Similarly, we can run this on the permanent contracts.

```{r}
data_perm <- data.frame(jd$assigned, jd$pct0, jd$cdi, jd$anonale)
colnames(data_perm) <- c("Z", "A", "Y", "id")
CalAPO(data_perm)
```


### Test2SRE
We can also perform hypothesis tests on this data by using the `Test2SRE` function. THE `Test2SRE` function takes in `Z`, `A`, `Y`, as before, and also takes in an extra argument `effect`, where the desired effect should be specified (either ADE for direct effect, MDE for marginal direct effect, or ASE for spillover effect). The function returns `TRUE` if the hypothesis should be rejected, and `FALSE` otherwise. The default significance level is set to 0.05, but may be changed by altering the `alpha` argument.

```{r}
Test2SRE(data_LTFC, effect="MDE", alpha=0.05)
```

### Calpara and Calsamplesize  
Lastly, we can perform sample size calculations for the sample size needed for a given power at a given significance level. First, we call the `calpara` function to calculate the necessary parameters for the sample size calculation, including the within-class and between class variances and the intra-class correlation coefficient. The effect size and the assignment mechanism also need to be specified based on the study design. In this case, `mu` is the effect size and `qa` is the vector of probabilities of being assigned to one of the three assignment mechanisms.

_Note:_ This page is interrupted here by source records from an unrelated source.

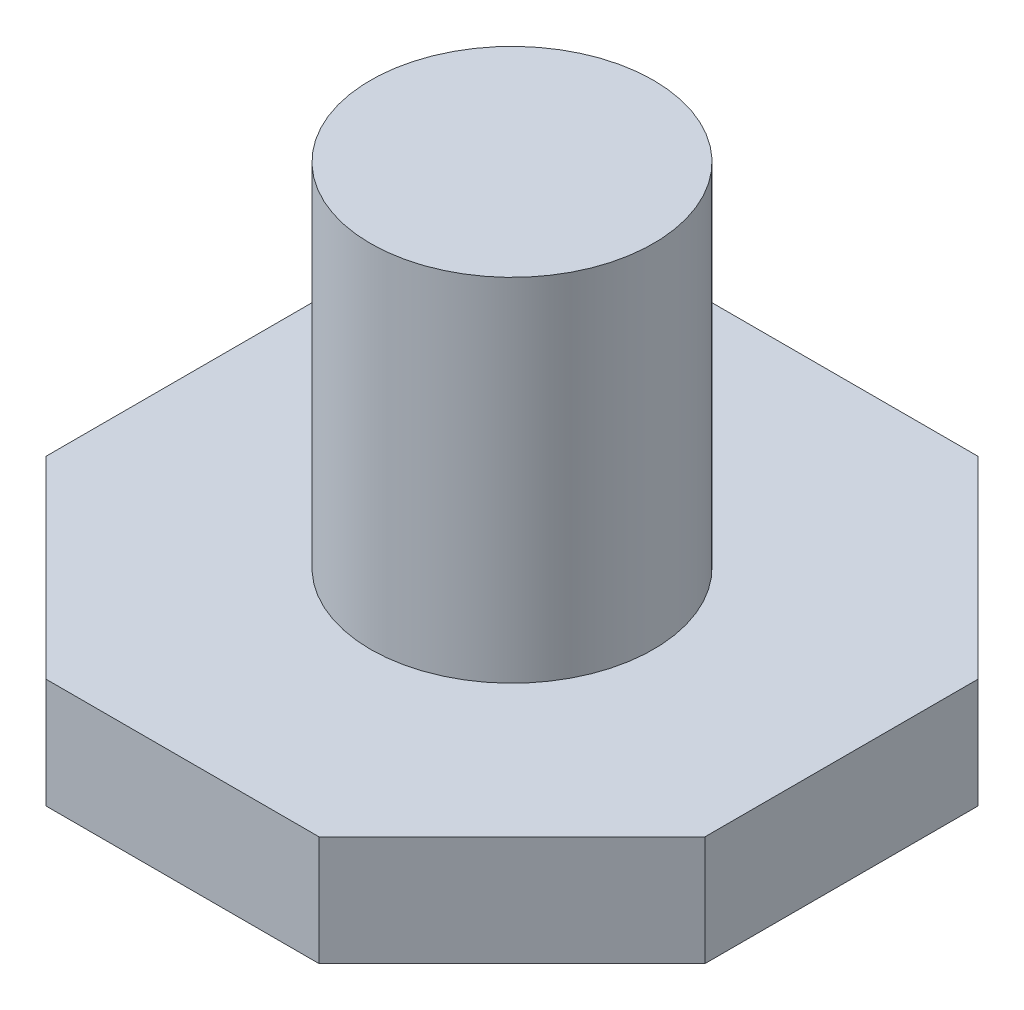
from build123d import *

# Parameters (mm, degrees)
BOSS_EXTRUDE1_DEPTH = 1.5875
SKETCH2_R           = 2.0447
BOSS_EXTRUDE3_DEPTH = 5.08


with BuildPart() as part:
    # Sketch1 → Boss-Extrude1 (new body)
    with BuildSketch(Plane(origin=(0, 0, 0), x_dir=(1, 0, 0), z_dir=(0, 1, 0))):
        Polygon((4.7625, -1.972692091), (4.7625, 1.972692091), (1.972692091, 4.7625), (-1.972692091, 4.7625), (-4.7625, 1.972692091), (-4.7625, -1.972692091), (-1.972692091, -4.7625), (1.972692091, -4.7625), align=None)
    extrude(amount=BOSS_EXTRUDE1_DEPTH)

    # Sketch2 → Boss-Extrude3 (add)
    with BuildSketch(Plane(origin=(0, 1.5875, 0), x_dir=(1, 0, 0), z_dir=(0, 1, 0))):
        with Locations(Location((0, 0, 0), (0, 0, 270))):
            Circle(SKETCH2_R)
    extrude(amount=BOSS_EXTRUDE3_DEPTH)


solid = part.part

Then, call the `calpara` command to calculate the within-class and between class variances, and the intra-class correlation coefficient.

```{r}
# calculate variances for permanent contract
var.perm <- calpara(data_perm)

# calculate variances for long term fixed contract
var.LTFC <- calpara(data_LTFC)
```

The elements of the output of `calpara` can be accessed as below. For example, to retrieve the total variance of the potential outcomes for the permanent contracts and long-term fixed contracts, the following code can be run:


```{r}
sigma.perm <- var.perm$sigma.tot
sigma.LTFC <- var.LTFC$sigma.tot
print(sigma.perm)
```


Then, we specify the effect size and use the `Calsamplesize` function to calculate the appropriate sample sizes for the permanent contract and the LTFC. The default `alpha`(significance level) and `beta` (power) are set at 0.05 and 0.2 respectively.

```{r}
### effect size and assignment mechanism
mu <- 0.03
qa <- rep(1/3,3)

# calculate sample size for the permanent contract
print("Permanent Contract:")
print(Calsamplesize(data_LTFC, 0.03, qa, 0.05, 0.2))


# calculate sample size for the long term fixed contract
print("Long Term Fixed Contract:")
print(Calsamplesize(data_perm, 0.03, qa, alpha=0.05, beta=0.2))
```

From the results, we can see the necessary total number of clusters for each assignment mechanism with size `n.avg` needed to detect a specific alternative at a certain power and significance level.